This study evaluated the agreement of the ocular parameters obtained with the two optical biometers, the IOLMaster 700 and the Galilei G6 Lens Professional.

Patients and methods

A comparative prospective study was conducted on 159 eyes of 91 adult patients using the IOLMaster 700 and Galilei G6 devices by a single examiner. Agreement between ocular biometric parameters: white-to-white (WTW) distance, keratometry (flat (K1) and steep (K2), mean (Km)) of anterior, posterior, and total corneal surfaces, central corneal thickness (CCT), anterior chamber depth (ACD), and axial length (AL) were assessed using Bland-Altman analysis. Keratometry measurements were further transformed into power vector components J0 and J45 for astigmatism analysis. Clinically significant differences were defined as deviations in biometric parameters translating to differences of 0.25 D or more in refractive outcomes.

Results

Statistically and clinically significant difference was identified for ACD (mean difference: -0.15 mm), posterior corneal metrics: K1 (0.39 D), K2 (0.42 D), Km (0.41 D) and J0 (0.05 D) and total corneal metrics: K1 (0.95 D), K2 (0.91 D), Km (0.93 D) and J0 (0.13 D). No significant differences were found for J45 components of posterior and total K, WTW, CCT, and AL measurements.

Conclusion

The difference in measurements of anterior chamber depth (ACD), posterior K, and total K metrics are clinically significant making the two devices are clinically significant and not interchangeable. These variation in metrics can impact the refractive outcomes of refractive and cataract surgery with toric IOLs.

Peer Review reports

Background

The IOLMaster 700 (Carl Zeiss Meditec AG, Jena, Germany) is widely used swept-source optical coherence (SS-OCT) based optical biometry device [1] that has recently been updated to directly measure the posterior and total corneal powers (TK®) [2]. The Galilei G6 Lens Professional (Ziemer Ophthalmic Systems AG, Port, Switzerland) is another commonly used optical biometer that utilises the Placido disc-combined dual rotating Scheimpflug cameras, and an OCT based A-scan [3] to measure ocular biometrics including anterior and posterior corneal surfaces [4, 5].

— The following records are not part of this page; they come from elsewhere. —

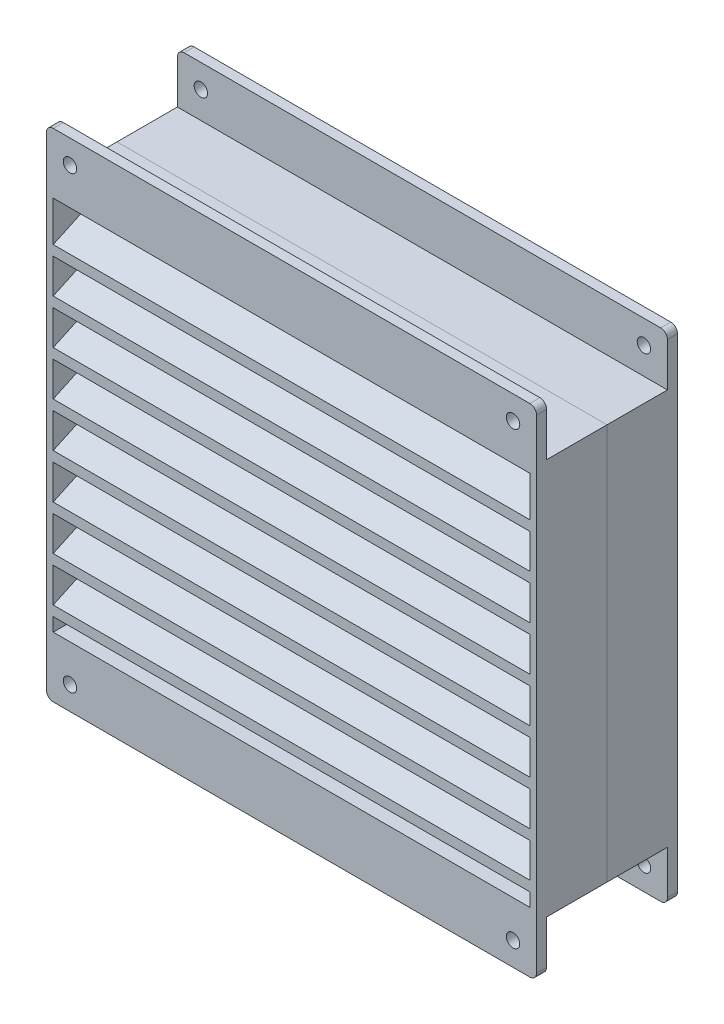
ISO-10303-21;
HEADER;
FILE_DESCRIPTION(('STEP AP214'),'2;1');
FILE_NAME('part.step','',(''),(''),'','','');
FILE_SCHEMA(('AUTOMOTIVE_DESIGN { 1 0 10303 214 1 1 1 1 }'));
ENDSEC;
DATA;
#1=APPLICATION_CONTEXT('core data for automotive mechanical design processes');
#2=APPLICATION_PROTOCOL_DEFINITION('international standard','automotive_design',2000,#1);
#3=PRODUCT_CONTEXT('',#1,'mechanical');
#4=PRODUCT('Part','Part','',(#3));
#5=PRODUCT_RELATED_PRODUCT_CATEGORY('part','',(#4));
#6=PRODUCT_DEFINITION_FORMATION('','',#4);
#7=PRODUCT_DEFINITION_CONTEXT('part definition',#1,'design');
#8=PRODUCT_DEFINITION('design','',#6,#7);
#9=PRODUCT_DEFINITION_SHAPE('','',#8);
#10=(LENGTH_UNIT() NAMED_UNIT(*) SI_UNIT(.MILLI.,.METRE.));
#11=(NAMED_UNIT(*) PLANE_ANGLE_UNIT() SI_UNIT($,.RADIAN.));
#12=(NAMED_UNIT(*) SI_UNIT($,.STERADIAN.) SOLID_ANGLE_UNIT());
#13=UNCERTAINTY_MEASURE_WITH_UNIT(LENGTH_MEASURE(1.E-05),#10,'distance_accuracy_value','');
#14=(GEOMETRIC_REPRESENTATION_CONTEXT(3) GLOBAL_UNCERTAINTY_ASSIGNED_CONTEXT((#13)) GLOBAL_UNIT_ASSIGNED_CONTEXT((#10,
#11,#12)) REPRESENTATION_CONTEXT('',''));
#15=CARTESIAN_POINT('',(0.,0.,0.));
#16=DIRECTION('',(0.,0.,1.));
#17=DIRECTION('',(1.,0.,0.));
#18=AXIS2_PLACEMENT_3D('',#15,#16,#17);
#19=CARTESIAN_POINT('',(146.,118.,-97.0169479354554));
#20=DIRECTION('',(0.,1.,0.));
#21=DIRECTION('',(0.,0.,-1.));
#22=AXIS2_PLACEMENT_3D('',#19,#20,#21);
#23=PLANE('',#22);
#24=DIRECTION('',(0.,0.,1.));
#25=VECTOR('',#24,1.);
#26=CARTESIAN_POINT('',(146.,118.,-97.0169479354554));
#27=LINE('',#26,#25);
#28=CARTESIAN_POINT('',(146.,118.,21.));
#29=VERTEX_POINT('',#28);
#30=CARTESIAN_POINT('',(146.,118.,39.));
#31=VERTEX_POINT('',#30);
#32=EDGE_CURVE('E368',#29,#31,#27,.T.);
#33=ORIENTED_EDGE('',*,*,#32,.F.);
#34=DIRECTION('',(-1.,0.,0.));
#35=VECTOR('',#34,1.);
#36=CARTESIAN_POINT('',(146.,118.,21.));
#37=LINE('',#36,#35);
#38=CARTESIAN_POINT('',(0.,118.,21.));
#39=VERTEX_POINT('',#38);
#40=EDGE_CURVE('E382',#29,#39,#37,.T.);
#41=ORIENTED_EDGE('',*,*,#40,.T.);
#42=DIRECTION('',(0.,0.,-1.));
#43=VECTOR('',#42,1.);
#44=CARTESIAN_POINT('',(0.,118.,42.));
#45=LINE('',#44,#43);
#46=CARTESIAN_POINT('',(0.,118.,39.));
#47=VERTEX_POINT('',#46);
#48=EDGE_CURVE('E370',#47,#39,#45,.T.);
#49=ORIENTED_EDGE('',*,*,#48,.F.);
#50=DIRECTION('',(-1.,0.,0.));
#51=VECTOR('',#50,1.);
#52=CARTESIAN_POINT('',(146.,118.,39.));
#53=LINE('',#52,#51);
#54=EDGE_CURVE('E356',#31,#47,#53,.T.);
#55=ORIENTED_EDGE('',*,*,#54,.F.);
#56=EDGE_LOOP('',(#33,#41,#49,#55));
#57=FACE_BOUND('',#56,.T.);
#58=ADVANCED_FACE('F47',(#57),#23,.T.);
#59=CARTESIAN_POINT('',(144.,118.,-97.0169479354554));
#60=DIRECTION('',(-1.,0.,0.));
#61=DIRECTION('',(0.,-1.,0.));
#62=AXIS2_PLACEMENT_3D('',#59,#60,#61);
#63=PLANE('',#62);
#64=DIRECTION('',(0.,-1.,0.));
#65=VECTOR('',#64,1.);
#66=CARTESIAN_POINT('',(144.,118.,26.9999999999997));
#67=LINE('',#66,#65);
#68=CARTESIAN_POINT('',(144.,109.994614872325,26.9999999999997));
#69=VERTEX_POINT('',#68);
#70=CARTESIAN_POINT('',(144.,106.994614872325,26.9999999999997));
#71=VERTEX_POINT('',#70);
#72=EDGE_CURVE('E564',#69,#71,#67,.T.);
#73=ORIENTED_EDGE('',*,*,#72,.F.);
#74=DIRECTION('',(0.,0.422618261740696,-0.906307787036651));
#75=VECTOR('',#74,1.);
#76=CARTESIAN_POINT('',(144.,158.925673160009,-77.9329931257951));
#77=LINE('',#76,#75);
#78=CARTESIAN_POINT('',(144.,103.,42.));
#79=VERTEX_POINT('',#78);
#80=EDGE_CURVE('E567',#79,#69,#77,.T.);
#81=ORIENTED_EDGE('',*,*,#80,.F.);
#82=DIRECTION('',(0.,1.,0.));
#83=VECTOR('',#82,1.);
#84=CARTESIAN_POINT('',(144.,118.,42.));
#85=LINE('',#84,#83);
#86=CARTESIAN_POINT('',(144.,115.,42.));
#87=VERTEX_POINT('',#86);
#88=EDGE_CURVE('E387',#79,#87,#85,.T.);
#89=ORIENTED_EDGE('',*,*,#88,.T.);
#90=DIRECTION('',(0.,0.,1.));
#91=VECTOR('',#90,1.);
#92=CARTESIAN_POINT('',(144.,115.,-97.0169479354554));
#93=LINE('',#92,#91);
#94=CARTESIAN_POINT('',(144.,115.,21.));
#95=VERTEX_POINT('',#94);
#96=EDGE_CURVE('E418',#95,#87,#93,.T.);
#97=ORIENTED_EDGE('',*,*,#96,.F.);
#98=DIRECTION('',(0.,-1.,0.));
#99=VECTOR('',#98,1.);
#100=CARTESIAN_POINT('',(144.,118.,21.));
#101=LINE('',#100,#99);
#102=CARTESIAN_POINT('',(144.,3.,21.));
#103=VERTEX_POINT('',#102);
#104=EDGE_CURVE('E378',#95,#103,#101,.T.);
#105=ORIENTED_EDGE('',*,*,#104,.T.);
#106=DIRECTION('',(0.,0.,1.));
#107=VECTOR('',#106,1.);
#108=CARTESIAN_POINT('',(144.,3.,42.));
#109=LINE('',#108,#107);
#110=CARTESIAN_POINT('',(144.,3.,42.));
#111=VERTEX_POINT('',#110);
#112=EDGE_CURVE('E390',#103,#111,#109,.T.);
#113=ORIENTED_EDGE('',*,*,#112,.T.);
#114=CARTESIAN_POINT('',(144.,7.00000000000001,42.));
#115=VERTEX_POINT('',#114);
#116=EDGE_CURVE('E379',#111,#115,#85,.T.);
#117=ORIENTED_EDGE('',*,*,#116,.T.);
#118=DIRECTION('',(0.,-0.422618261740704,0.906307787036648));
#119=VECTOR('',#118,1.);
#120=CARTESIAN_POINT('',(144.,80.0718678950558,-114.703126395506));
#121=LINE('',#120,#119);
#122=CARTESIAN_POINT('',(144.,13.9946148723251,27.));
#123=VERTEX_POINT('',#122);
#124=EDGE_CURVE('E711',#123,#115,#121,.T.);
#125=ORIENTED_EDGE('',*,*,#124,.F.);
#126=DIRECTION('',(0.,-1.,0.));
#127=VECTOR('',#126,1.);
#128=CARTESIAN_POINT('',(144.,118.,27.0000000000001));
#129=LINE('',#128,#127);
#130=CARTESIAN_POINT('',(144.,16.9946148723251,27.));
#131=VERTEX_POINT('',#130);
#132=EDGE_CURVE('E714',#131,#123,#129,.T.);
#133=ORIENTED_EDGE('',*,*,#132,.F.);
#134=DIRECTION('',(0.,0.422618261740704,-0.906307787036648));
#135=VECTOR('',#134,1.);
#136=CARTESIAN_POINT('',(144.,82.5360493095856,-113.554059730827));
#137=LINE('',#136,#135);
#138=CARTESIAN_POINT('',(144.,10.,42.));
#139=VERTEX_POINT('',#138);
#140=EDGE_CURVE('E717',#139,#131,#137,.T.);
#141=ORIENTED_EDGE('',*,*,#140,.F.);
#142=CARTESIAN_POINT('',(144.,20.2857142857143,42.));
#143=VERTEX_POINT('',#142);
#144=EDGE_CURVE('E385',#139,#143,#85,.T.);
#145=ORIENTED_EDGE('',*,*,#144,.T.);
#146=DIRECTION('',(0.,-0.422618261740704,0.906307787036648));
#147=VECTOR('',#146,1.);
#148=CARTESIAN_POINT('',(144.,90.9846713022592,-109.614402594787));
#149=LINE('',#148,#147);
#150=CARTESIAN_POINT('',(144.,27.2803291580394,27.));
#151=VERTEX_POINT('',#150);
#152=EDGE_CURVE('E675',#151,#143,#149,.T.);
#153=ORIENTED_EDGE('',*,*,#152,.F.);
#154=DIRECTION('',(0.,-1.,0.));
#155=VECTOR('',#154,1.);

Previous studies have shown that Galilei G6 demonstrates good agreement with existing biometers, such as Anterion (Heidelberg Engineering, Heidelberg, Germany) [4], Lenstar (Haag-Streit Koeniz, Switzerland) [6], IOLMaster 500 [7], and IOLMaster 700 in ocular biometrics [8, 9]. However, none of these studies have compared posterior and total corneal measurements. Incorporating these corneal metrics for intraocular lens (IOL) calculations has been demonstrated to improve reactive outcomes compared to conventional keratometry measurements [10]. Posterior corneal measurements are clinically relevant, as neglecting them may result in unexpected refractive outcomes, especially with toric IOL implantation [11]. Additionally, measuring posterior curvature improves the diagnostic accuracy of corneal ecstatic conditions such as keratoconus, and changes in these measurements aid in monitoring disease progression [12]. Therefore, this study aimed to evaluate the agreement between these two devices across ocular biometrics, including posterior keratometry, and total keratometry measurements.

Materials and methods

The study was prospective and comparative in design. Data were obtained from patients attending the Princess Alexandra Hospital (Ophthalmology Department), Brisbane, Australia. All patients underwent a comprehensive ocular health assessment, including optic nerve and macula OCT scans prior to biometry measurements.

According to manufactures instructions, both the biometers were first calibrated at the start of the measurement each day. Prior to testing, patients were advised not to use any eye drops. A single examiner performed all the biometry measurements with IOLMaster 700 to scan both eyes, followed by the Galilei G6. Because of the built-in multiple measurement (least 3 to 5 repeat) that provides average results of the scans, we opted to use a single measurement for analysis. The quality of the measurements was ensured by adhering to quality-scoring metrics of each device. If the scans did not adhere the quality check of the system, we performed three additional attempts to obtain a quality scan. If the scan quality was still poor, the scan was not included in the study.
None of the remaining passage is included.